Ils sont les exceptionnels Coronados, Les diaboliques Rats, le dandy Johan Asherton, les fantastiques Shifters… Vous avez noté les adjectifs ? Ils sont de l’auteur de ces lignes, qui les a accrochés de façon mécanique, lui qui les a tant vu sur scène dans ses années Biactol. Et c’est le moins pour tous les artistes présents dans ce petit livre de Christophe Goffette. Ces cinquante groupes furent beautiful, bioutifoule, oui, car le journaliste situe l’action de son bestiaire dans l’Hexagone. Ces gens-là ont offert autre chose que la musique de grande consommation de l’époque, où les caisses claires de la musique commerciales « décornaient les bœufs », comme l’écrivait Vincent Palmer, de Bijou. Ces gamins furent même différents des grosses stars du rock de l’époque.

Si vous êtes venu ici pour quelque chose qui sort de l’ordinaire, c’est bon.

Un monde des vendredi et des samedi soir

Ils étaient des groupes de rock. De quel rock cause-t-on ? Les gus de ce bouquin ont pratiqué les deux genres musicaux essentiels dans les années 80, le rock’n’roll et le punk. Dès le début des seventies, la France fut la seconde terre d’Iggy Pop, Lou Reed et de Johnny Thunders, sans oublier le garage américain et scène high britannique – Pretty Things, Small Faces, Move, Yardbirds. Les gamins ont suivi, tout ceci est normal. On parle de musique nerveuse, de chansons courtes, de refrains vengeurs, de petites perles jouées sur des Gibson, Fender, Gretsch premier prix dans les années 60, des guitares avec un micro simple bobinage qui délivre une attaque vicelarde plutôt que les grosses LesPaul, celles de Jimmy Page, avec deux micros double bobinages qui donne « le gros son » pépère. Ces gars-la, n’avaient pas « Le Gros Son ». Et bordel de merde, « Le Gros Son », ils n’en voulaient pas. « Le Gros Son », c’était l’accroche des magasins de musique de Pigalle qui tartinaient ça dans leur pubs diffusées dans Best et Rock & Folk afin de te fourguer un équipement surdimensionné pour la mansarde qui te servait d’appartement. Non, le son de ces groupes était affuté et futé : du rock, à l’os, dépouillé du gras, comme dans les sixties, classe.

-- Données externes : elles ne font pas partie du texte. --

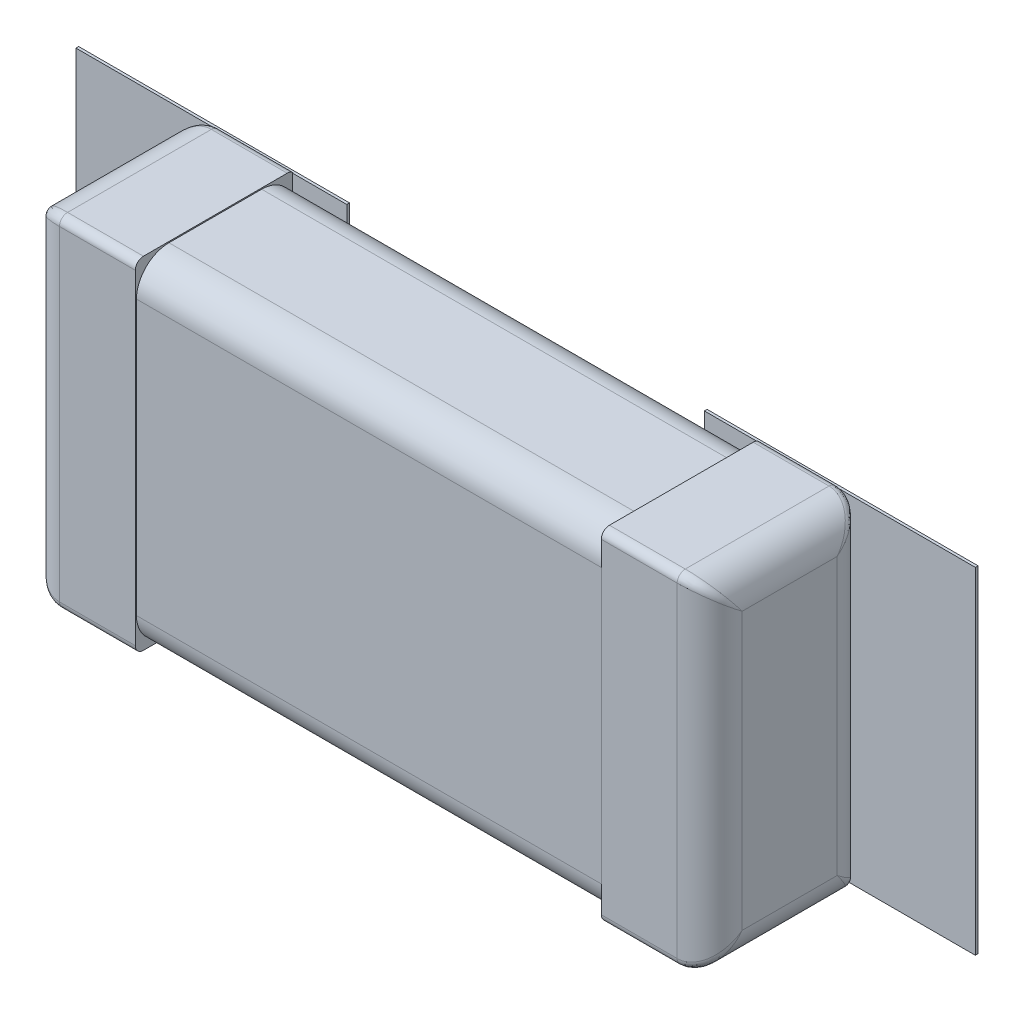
ISO-10303-21;
HEADER;
FILE_DESCRIPTION(('STEP AP214'),'2;1');
FILE_NAME('part.step','',(''),(''),'','','');
FILE_SCHEMA(('AUTOMOTIVE_DESIGN { 1 0 10303 214 1 1 1 1 }'));
ENDSEC;
DATA;
#1=APPLICATION_CONTEXT('core data for automotive mechanical design processes');
#2=APPLICATION_PROTOCOL_DEFINITION('international standard','automotive_design',2000,#1);
#3=PRODUCT_CONTEXT('',#1,'mechanical');
#4=PRODUCT('Part','Part','',(#3));
#5=PRODUCT_RELATED_PRODUCT_CATEGORY('part','',(#4));
#6=PRODUCT_DEFINITION_FORMATION('','',#4);
#7=PRODUCT_DEFINITION_CONTEXT('part definition',#1,'design');
#8=PRODUCT_DEFINITION('design','',#6,#7);
#9=PRODUCT_DEFINITION_SHAPE('','',#8);
#10=(LENGTH_UNIT() NAMED_UNIT(*) SI_UNIT(.MILLI.,.METRE.));
#11=(NAMED_UNIT(*) PLANE_ANGLE_UNIT() SI_UNIT($,.RADIAN.));
#12=(NAMED_UNIT(*) SI_UNIT($,.STERADIAN.) SOLID_ANGLE_UNIT());
#13=UNCERTAINTY_MEASURE_WITH_UNIT(LENGTH_MEASURE(1.E-05),#10,'distance_accuracy_value','');
#14=(GEOMETRIC_REPRESENTATION_CONTEXT(3) GLOBAL_UNCERTAINTY_ASSIGNED_CONTEXT((#13)) GLOBAL_UNIT_ASSIGNED_CONTEXT((#10,
#11,#12)) REPRESENTATION_CONTEXT('',''));
#15=CARTESIAN_POINT('',(0.,0.,0.));
#16=DIRECTION('',(0.,0.,1.));
#17=DIRECTION('',(1.,0.,0.));
#18=AXIS2_PLACEMENT_3D('',#15,#16,#17);
#19=CARTESIAN_POINT('',(-1.4478,-2.88612072,0.2286));
#20=DIRECTION('',(0.,1.,0.));
#21=DIRECTION('',(0.,0.,1.));
#22=AXIS2_PLACEMENT_3D('',#19,#20,#21);
#23=CYLINDRICAL_SURFACE('',#22,0.1524);
#24=CARTESIAN_POINT('',(-1.44453042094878,0.761974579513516,0.0762360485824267));
#25=CARTESIAN_POINT('',(-1.4534159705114,0.762115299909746,0.0760484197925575));
#26=CARTESIAN_POINT('',(-1.47319839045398,0.761131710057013,0.0773598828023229));
#27=CARTESIAN_POINT('',(-1.5031895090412,0.755124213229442,0.0853699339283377));
#28=CARTESIAN_POINT('',(-1.53321218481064,0.743528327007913,0.100831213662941));
#29=CARTESIAN_POINT('',(-1.560310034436,0.72638612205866,0.123687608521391));
#30=CARTESIAN_POINT('',(-1.58241816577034,0.703798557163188,0.153804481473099));
#31=CARTESIAN_POINT('',(-1.59688285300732,0.676898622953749,0.189671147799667));
#32=CARTESIAN_POINT('',(-1.60029461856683,0.656950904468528,0.216268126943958));
#33=CARTESIAN_POINT('',(-1.60019482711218,0.646421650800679,0.230307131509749));
#34=CARTESIAN_POINT('',(-1.60018182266,0.645781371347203,0.231160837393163));
#35=(BOUNDED_CURVE() B_SPLINE_CURVE(3,(#24,#25,#26,#27,#28,#29,#30,#31,#32,#33,#34),
.UNSPECIFIED.,.F.,.F.) B_SPLINE_CURVE_WITH_KNOTS((4,1,1,1,1,1,1,1,4),(-0.01161596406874,
0.08290265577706,0.19763203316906,0.32252970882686,0.46268972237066,0.61988014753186,
0.79433574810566,0.97384555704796,0.9854615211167),
.UNSPECIFIED.) CURVE() GEOMETRIC_REPRESENTATION_ITEM() RATIONAL_B_SPLINE_CURVE((1.17153754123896,
1.17153754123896,1.17153754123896,1.17153754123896,1.17153754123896,1.17153754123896,
1.17153754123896,1.17153754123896,1.17153754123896,1.17153754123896,1.17153754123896)) REPRESENTATION_ITEM(''));
#36=CARTESIAN_POINT('',(-1.60019999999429,0.647700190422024,0.228600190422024));
#37=VERTEX_POINT('',#36);
#38=CARTESIAN_POINT('',(-1.50870652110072,0.75247652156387,0.0889000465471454));
#39=VERTEX_POINT('',#38);
#40=EDGE_CURVE('E213',#37,#39,#35,.F.);
#41=ORIENTED_EDGE('',*,*,#40,.T.);
#42=DIRECTION('',(0.,1.,0.));
#43=VECTOR('',#42,1.);
#44=CARTESIAN_POINT('',(-1.50870853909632,0.,0.0889));
#45=LINE('',#44,#43);
#46=CARTESIAN_POINT('',(-1.50870849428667,-0.752474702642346,0.0889001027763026));
#47=VERTEX_POINT('',#46);
#48=EDGE_CURVE('E1241',#47,#39,#45,.T.);
#49=ORIENTED_EDGE('',*,*,#48,.F.);
#50=CARTESIAN_POINT('',(-1.60020000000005,-0.647699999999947,0.228599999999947));
#51=CARTESIAN_POINT('',(-1.60019762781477,-0.649379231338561,0.226364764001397));
#52=CARTESIAN_POINT('',(-1.60014742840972,-0.651059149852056,0.224130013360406));
#53=CARTESIAN_POINT('',(-1.59994235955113,-0.654549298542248,0.219487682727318));
#54=CARTESIAN_POINT('',(-1.59977956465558,-0.656359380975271,0.217080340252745));
#55=CARTESIAN_POINT('',(-1.59932350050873,-0.660106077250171,0.212094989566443));
#56=CARTESIAN_POINT('',(-1.59902153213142,-0.662042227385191,0.209517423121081));
#57=CARTESIAN_POINT('',(-1.59825894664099,-0.666037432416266,0.204195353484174));
#58=CARTESIAN_POINT('',(-1.5977887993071,-0.668095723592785,0.20145163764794));
#59=CARTESIAN_POINT('',(-1.59665931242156,-0.672331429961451,0.195802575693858));
#60=CARTESIAN_POINT('',(-1.59598954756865,-0.674507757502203,0.192898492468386));
#61=CARTESIAN_POINT('',(-1.59442877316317,-0.678975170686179,0.186937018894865));
#62=CARTESIAN_POINT('',(-1.59352647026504,-0.681264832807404,0.18388151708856));
#63=CARTESIAN_POINT('',(-1.59146441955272,-0.685948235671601,0.177631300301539));
#64=CARTESIAN_POINT('',(-1.59029254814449,-0.688340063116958,0.174439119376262));
#65=CARTESIAN_POINT('',(-1.58833971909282,-0.691944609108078,0.169628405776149));
#66=CARTESIAN_POINT('',(-1.58764033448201,-0.693173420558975,0.167988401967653));
#67=CARTESIAN_POINT('',(-1.58616079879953,-0.69565091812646,0.164681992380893));
#68=CARTESIAN_POINT('',(-1.58537898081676,-0.696899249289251,0.163016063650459));
#69=CARTESIAN_POINT('',(-1.58372933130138,-0.699413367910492,0.15966117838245));
#70=CARTESIAN_POINT('',(-1.58285978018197,-0.700678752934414,0.157972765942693));
#71=CARTESIAN_POINT('',(-1.58102936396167,-0.703224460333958,0.154576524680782));
#72=CARTESIAN_POINT('',(-1.58006672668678,-0.704504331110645,0.152869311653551));
#73=CARTESIAN_POINT('',(-1.57804453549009,-0.707075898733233,0.149439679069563));
#74=CARTESIAN_POINT('',(-1.57698315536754,-0.708367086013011,0.147717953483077));
#75=CARTESIAN_POINT('',(-1.5747571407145,-0.710957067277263,0.144264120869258));
#76=CARTESIAN_POINT('',(-1.57359061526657,-0.712255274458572,0.14253279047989));
#77=CARTESIAN_POINT('',(-1.57135909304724,-0.714630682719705,0.13936489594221));
#78=CARTESIAN_POINT('',(-1.57030532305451,-0.715711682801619,0.137923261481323));
#79=CARTESIAN_POINT('',(-1.56816980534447,-0.717823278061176,0.135108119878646));
#80=CARTESIAN_POINT('',(-1.56708964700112,-0.718854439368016,0.133733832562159));
#81=CARTESIAN_POINT('',(-1.5649060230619,-0.720866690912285,0.131052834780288));
#82=CARTESIAN_POINT('',(-1.56380409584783,-0.721848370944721,0.12974531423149));
#83=CARTESIAN_POINT('',(-1.56158156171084,-0.723762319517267,0.127197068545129));
#84=CARTESIAN_POINT('',(-1.56046243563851,-0.72469519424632,0.125955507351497));
#85=CARTESIAN_POINT('',(-1.55821017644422,-0.726512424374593,0.123538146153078));
#86=CARTESIAN_POINT('',(-1.55707846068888,-0.727397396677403,0.122361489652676));
#87=CARTESIAN_POINT('',(-1.55480550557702,-0.729119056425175,0.120073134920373));
#88=CARTESIAN_POINT('',(-1.55366564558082,-0.729956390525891,0.118960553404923));
#89=CARTESIAN_POINT('',(-1.55138072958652,-0.731582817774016,0.116799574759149));
#90=CARTESIAN_POINT('',(-1.55023702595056,-0.732372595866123,0.115750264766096));
#91=CARTESIAN_POINT('',(-1.54794876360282,-0.733904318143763,0.113714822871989));
#92=CARTESIAN_POINT('',(-1.54680551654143,-0.734646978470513,0.112727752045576));
#93=CARTESIAN_POINT('',(-1.54344110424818,-0.736766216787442,0.109909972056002));
#94=CARTESIAN_POINT('',(-1.54117156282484,-0.738114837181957,0.108115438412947));
#95=CARTESIAN_POINT('',(-1.53667197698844,-0.740629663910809,0.10476466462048));
#96=CARTESIAN_POINT('',(-1.53445117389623,-0.741801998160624,0.103200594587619));
#97=CARTESIAN_POINT('',(-1.53007937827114,-0.743976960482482,0.100295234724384));
#98=CARTESIAN_POINT('',(-1.52793664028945,-0.74498568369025,0.0989460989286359));
#99=CARTESIAN_POINT('',(-1.52375133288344,-0.746845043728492,0.0964552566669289));
#100=CARTESIAN_POINT('',(-1.52171615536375,-0.747701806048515,0.0953057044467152));
#101=CARTESIAN_POINT('',(-1.51777304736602,-0.749271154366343,0.0931974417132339));
#102=CARTESIAN_POINT('',(-1.5158716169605,-0.749989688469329,0.0922310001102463));
#103=CARTESIAN_POINT('',(-1.51221945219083,-0.751300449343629,0.0904709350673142));
#104=CARTESIAN_POINT('',(-1.51047420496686,-0.751897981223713,0.0896698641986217));
#105=CARTESIAN_POINT('',(-1.50870854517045,-0.752474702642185,0.0888999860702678));
#106=B_SPLINE_CURVE_WITH_KNOTS('',3,(#50,#51,#52,#53,#54,#55,#56,#57,#58,#59,#60,#61,#62,#63,
#64,#65,#66,#67,#68,#69,#70,#71,#72,#73,#74,#75,#76,#77,#78,#79,#80,#81,#82,#83,#84,#85,#86,#87,
#88,#89,#90,#91,#92,#93,#94,#95,#96,#97,#98,#99,#100,#101,#102,#103,#104,#105),.UNSPECIFIED.,
.F.,.F.,(4,2,2,2,2,2,2,2,2,2,2,2,2,2,2,2,2,2,2,2,2,2,2,2,2,2,2,4),(0.,0.00838689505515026,
0.0174337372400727,0.0271445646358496,0.0375271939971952,0.0485939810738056,0.0603590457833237,
0.0728241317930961,0.0793193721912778,0.0859893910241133,0.0928345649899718,0.0998556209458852,
0.10705291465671,0.11442630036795,0.120687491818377,0.12677482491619,0.132688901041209,
0.138430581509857,0.144000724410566,0.149398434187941,0.15462211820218,0.159670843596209,
0.169241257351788,0.178112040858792,0.186284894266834,0.19375007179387,0.2004997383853,
0.206531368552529),.UNSPECIFIED.);
#107=CARTESIAN_POINT('',(-1.60019999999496,-0.647699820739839,0.228599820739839));
#108=VERTEX_POINT('',#107);
#109=EDGE_CURVE('E224',#47,#108,#106,.F.);
#110=ORIENTED_EDGE('',*,*,#109,.T.);
#111=DIRECTION('',(0.,1.,0.));
#112=VECTOR('',#111,1.);
#113=CARTESIAN_POINT('',(-1.6002,0.8001,0.2286));
#114=LINE('',#113,#112);
#115=EDGE_CURVE('E1135',#37,#108,#114,.F.);
#116=ORIENTED_EDGE('',*,*,#115,.F.);
#117=EDGE_LOOP('',(#41,#49,#110,#116));
#118=FACE_BOUND('',#117,.T.);
#119=ADVANCED_FACE('F16',(#118),#23,.T.);
#120=CARTESIAN_POINT('',(0.,0.,0.0889));
#121=DIRECTION('',(0.,0.,1.));
#122=DIRECTION('',(1.,0.,0.));
#123=AXIS2_PLACEMENT_3D('',#120,#121,#122);
#124=PLANE('',#123);
#125=DIRECTION('',(0.,1.,0.));
#126=VECTOR('',#125,1.);
#127=CARTESIAN_POINT('',(-2.1079968,0.7875016,0.0889));
#128=LINE('',#127,#126);
#129=CARTESIAN_POINT('',(-2.1079968,-0.7875016,0.0889));
#130=VERTEX_POINT('',#129);
#131=CARTESIAN_POINT('',(-2.1079968,0.7875016,0.0889));
#132=VERTEX_POINT('',#131);
#133=EDGE_CURVE('E286',#130,#132,#128,.T.);
#134=ORIENTED_EDGE('',*,*,#133,.F.);
#135=DIRECTION('',(1.,0.,0.));
#136=VECTOR('',#135,1.);
#137=CARTESIAN_POINT('',(0.,-0.7875016,0.0889));
#138=LINE('',#137,#136);
#139=CARTESIAN_POINT('',(-1.47011114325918,-0.7875016,0.088900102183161));
#140=VERTEX_POINT('',#139);
#141=EDGE_CURVE('E289',#130,#140,#138,.T.);
#142=ORIENTED_EDGE('',*,*,#141,.T.);
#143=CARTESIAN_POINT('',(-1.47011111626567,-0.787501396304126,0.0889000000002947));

La chose changera quelque peu vers 1987 quand la scène rock découvrira sur samedi soir, à la télé française, sur Antenne 2 deux obscures formations nommées Red Hot Chili Peppers et Fishbone et se mettra en tête, pour notre grand malheur, de tenter le même rap-fusion . C’est une autre histoire et pas envie de la raconter, ça non.

BEST N°139 février 1980

Incroyables donc, ces cinquante combos, comme on disait alors, sur les charbons ardents, comme on disait toujours alors, qui ont sans repos traversé le pays dans d’antédiluviens camions pour lâcher quelques compositions incisives sur des scènes où les attendaient de pied ferme des gamin.es aussi barré.es qu’eux. C’était une communauté d’après les cours, un monde des vendredi et des samedi soir, avec ses codes, ses lieux et sa littérature-fanzines. Et pourtant, ça n’a pas marché. Pas marché ? Ils n’ont jamais pu vivre de leur musique et beaucoup ont achevé leur carrière comme on éteint la lumière en sortant, machinalement et sans gloire.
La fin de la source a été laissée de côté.